In looking at the number of Hart-Scott-Rodino merger cases filed from 1998 to 2002 and comparing those to the number of cases investigated, it seems that the percentage investigated went up, yet the number challenged are staying about the same. Why is that?
It could be a case where you have a severe drop in filings, in which you go from a high point of 4,900 filings assigned to the Justice Department in fiscal 2000 to just more than 1,000 last year. It's not surprising that with that sort of change, you'll have a lower staff workload and, perhaps, more opportunity to look at a few more cases as a percentage on the margin when they come in.
That doesn't reflect any sort of decision to take a harder look at transactions. It may also be the case that if we continue to see the number of merger filings pickup this year, as we certainly have so far, that figure may go down as a result of the workload. But my major point is that I don't think you should look at the workload statistics and conclude there has been a policy decision to take a different substantive approach to mergers because that would not be accurate.
Any sense of how the European Commission is leaning with its antitrust investigation and its deadline of 11 May?

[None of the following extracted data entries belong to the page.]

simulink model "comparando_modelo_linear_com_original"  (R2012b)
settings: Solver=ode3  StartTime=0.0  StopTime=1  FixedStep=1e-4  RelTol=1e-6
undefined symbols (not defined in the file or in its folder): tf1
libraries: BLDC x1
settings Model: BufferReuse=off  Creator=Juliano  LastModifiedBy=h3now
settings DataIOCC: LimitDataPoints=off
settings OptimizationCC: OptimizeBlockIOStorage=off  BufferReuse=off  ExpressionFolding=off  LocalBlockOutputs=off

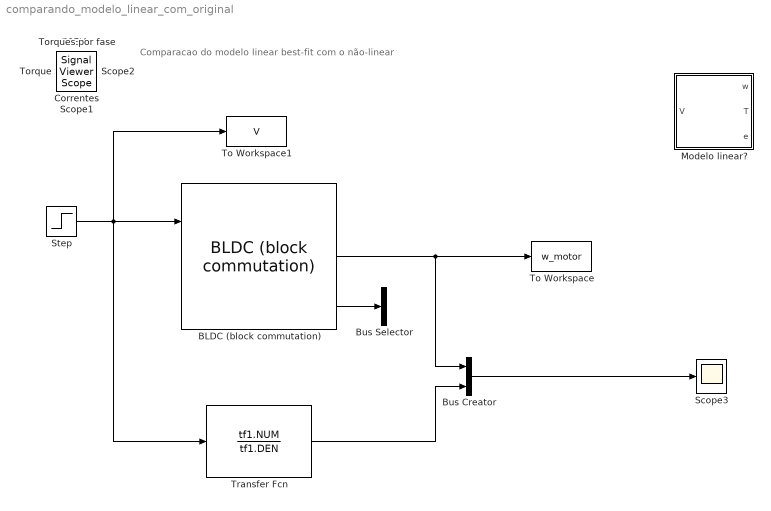
== system comparando_modelo_linear_com_original ==
  note: Comparacao do modelo linear best-fit com o não-linear
  BLDC (block commutation) : BLDC/BLDC (block commutation)  J=1.39e-6  R=10.1/2  L=2.04/2000  P=8  Kt=15.7e-3/1.19  Ke=15.7e-3/1.19  Kd=0
  Bus Creator : BusCreator  Inputs=2
  Bus Selector : BusSelector  OutputSignals=Torque Total,FCEMs
  Modelo linear? : Subsystem  mask{R=10.1/2, L=2.04/2000, Ke=15.7e-3/1.19, Kt=15.7e-3/1.19, J=1.39e-6, Kd=0}
  Scope3 : Scope
      settings: ShowLegends=on
  Step : Step  Time=0  After=6  SampleTime=0
  To Workspace : ToWorkspace  VariableName=w_motor  SampleTime=-1
  To Workspace1 : ToWorkspace  VariableName=V  SampleTime=-1
  Transfer Fcn : TransferFcn  Numerator=tf1.NUM  Denominator=tf1.DEN
  Correntes : SignalViewerScope  IOType=viewer  NumInputPorts=3  ZoomMode=yonly  RefreshTime=0.035000
      settings: YMin=-5~-5~-5  YMax=5~5~5
  FCEMs : SignalViewerScope  IOType=viewer  NumInputPorts=3  ZoomMode=xonly  RefreshTime=0.035000
      settings: YMin=-5~-5~-5  YMax=5~5~5  SaveName=ScopeData2
  Scope1 : SignalViewerScope  IOType=viewer  RefreshTime=0.035000
      settings: SaveName=ScopeData3
  Scope2 : SignalViewerScope  IOType=viewer  RefreshTime=0.035000
      settings: SaveName=ScopeData4
  Torque : SignalViewerScope  IOType=viewer  ZoomMode=xonly  RefreshTime=0.035000
      settings: SaveToWorkspace=on  SaveName=Torque
  Torques por fase : SignalViewerScope  IOType=viewer  NumInputPorts=3  ZoomMode=xonly  RefreshTime=0.035000
      settings: YMin=-5~-5~-5  YMax=5~5~5
  wires:
  Step/1 -> Transfer Fcn/1, To Workspace1/1, BLDC (block commutation)/1
  BLDC (block commutation)/2 -> Bus Creator/1, To Workspace/1
  BLDC (block commutation)/3 -> Bus Selector/1
  Transfer Fcn/1 -> Bus Creator/2
  Bus Creator/1 -> Scope3/1

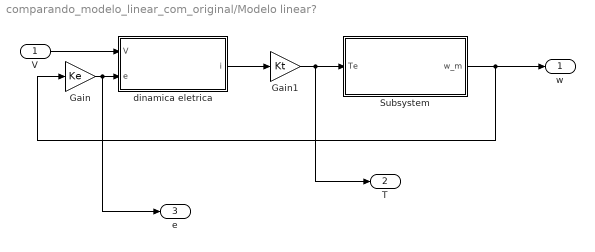
== system comparando_modelo_linear_com_original/Modelo linear? ==
  V : Inport
  Gain : Gain  Gain=Ke
  Gain1 : Gain  Gain=Kt
  Subsystem : Subsystem
  dinamica eletrica : Subsystem
  w : Outport
  T : Outport  Port=2
  e : Outport  Port=3
  wires:
  Gain1/1 -> T/1, Subsystem/1(Te)
  Subsystem/1(w_m) -> w/1, Gain/1
  V/1 -> dinamica eletrica/1(V)
  dinamica eletrica/1(i) -> Gain1/1
  Gain/1 -> e/1, dinamica eletrica/2(e)

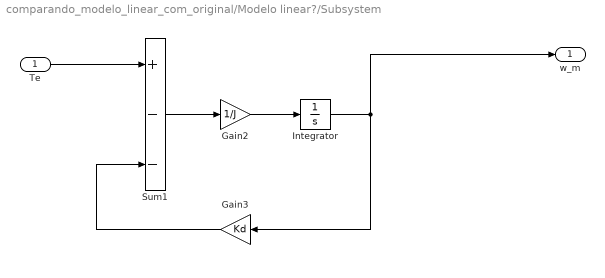
== system comparando_modelo_linear_com_original/Modelo linear?/Subsystem ==
  Te : Inport
  Gain2 : Gain  Gain=1/J
  Gain3 : Gain  Gain=Kd
  Integrator : Integrator
  Sum1 : Sum  Inputs=+--
  w_m : Outport
  wires:
  Gain2/1 -> Integrator/1
  Integrator/1 -> w_m/1, Gain3/1
  Sum1/1 -> Gain2/1
  Gain3/1 -> Sum1/3
  Te/1 -> Sum1/1

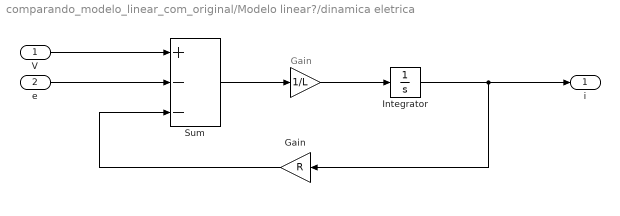
== system comparando_modelo_linear_com_original/Modelo linear?/dinamica eletrica ==
  note: Gain
  V : Inport
  e : Inport  Port=2
  " " : Gain  Gain=1/L
  Gain : Gain  Gain=R
  Integrator : Integrator
  Sum : Sum  Inputs=+--
  i : Outport
  wires:
  V/1 -> Sum/1
  Integrator/1 -> i/1, Gain/1
  Gain/1 -> Sum/3
  e/1 -> Sum/2
  Sum/1 -> " "/1
  " "/1 -> Integrator/1

Just as we are concerned with American customers, they are concerned with the European market. And as in any merger case, we try to cooperate in making one another aware of our time frames, and to some extent -- consistent with our confidentiality obligations -- share the benefit of the work of our staffs on those cases. We do cooperate in that way. But in terms of where the Commission's investigation will lead to, I don't know.
Did your lawsuit percolate up from the states and their concerns?
I like to be a good colleague and work with our state counterparts. But it would be completely wrong for me to say that the lawsuit percolated up or that we were really relying on them to reach the decision we reached here. We're pleased that some of the states decided to join our lawsuit and look forward to working with them.
Were you expecting more states to join your suit than the seven that did?
There were roughly 38 states looking into this merger, originally. I don't deal with each and every one of the state folks day to day on this. I don't recall there being any sense of surprise from our staff here on the number of states that joined in the complaint.
What role does technology play in your life?
I use a PC at work, and I carry around a mobile phone with a Web browser on it. But I don't think I'm much different than the other folks who hold jobs like the type of job I hold. I am certainly familiar with technology -- and use it -- but I certainly won't say I'm a high-end, cutting-edge user, either.
Years from now, how would you like your role as head of the antitrust division to be defined?
I would like to think that I'm doing a good job of traditional antitrust enforcement. That means, on the criminal side, being very aggressive in trying to fight price fixing and cartels. And on the merger side, that means trying our best with legal ways, as opposed to public relations or partisan ways, to make the best calls we can. On monopolisation and unilateral conduct, I would like to be thought of as someone who has a great degree of faith in the market and a lot of scepticism over the ability of antitrust agencies and plaintiffs to engineer competitive outcomes in the market. And I would like to be thought of as someone who has helped push our administration of that part of American antitrust law toward what I describe as a very traditional view.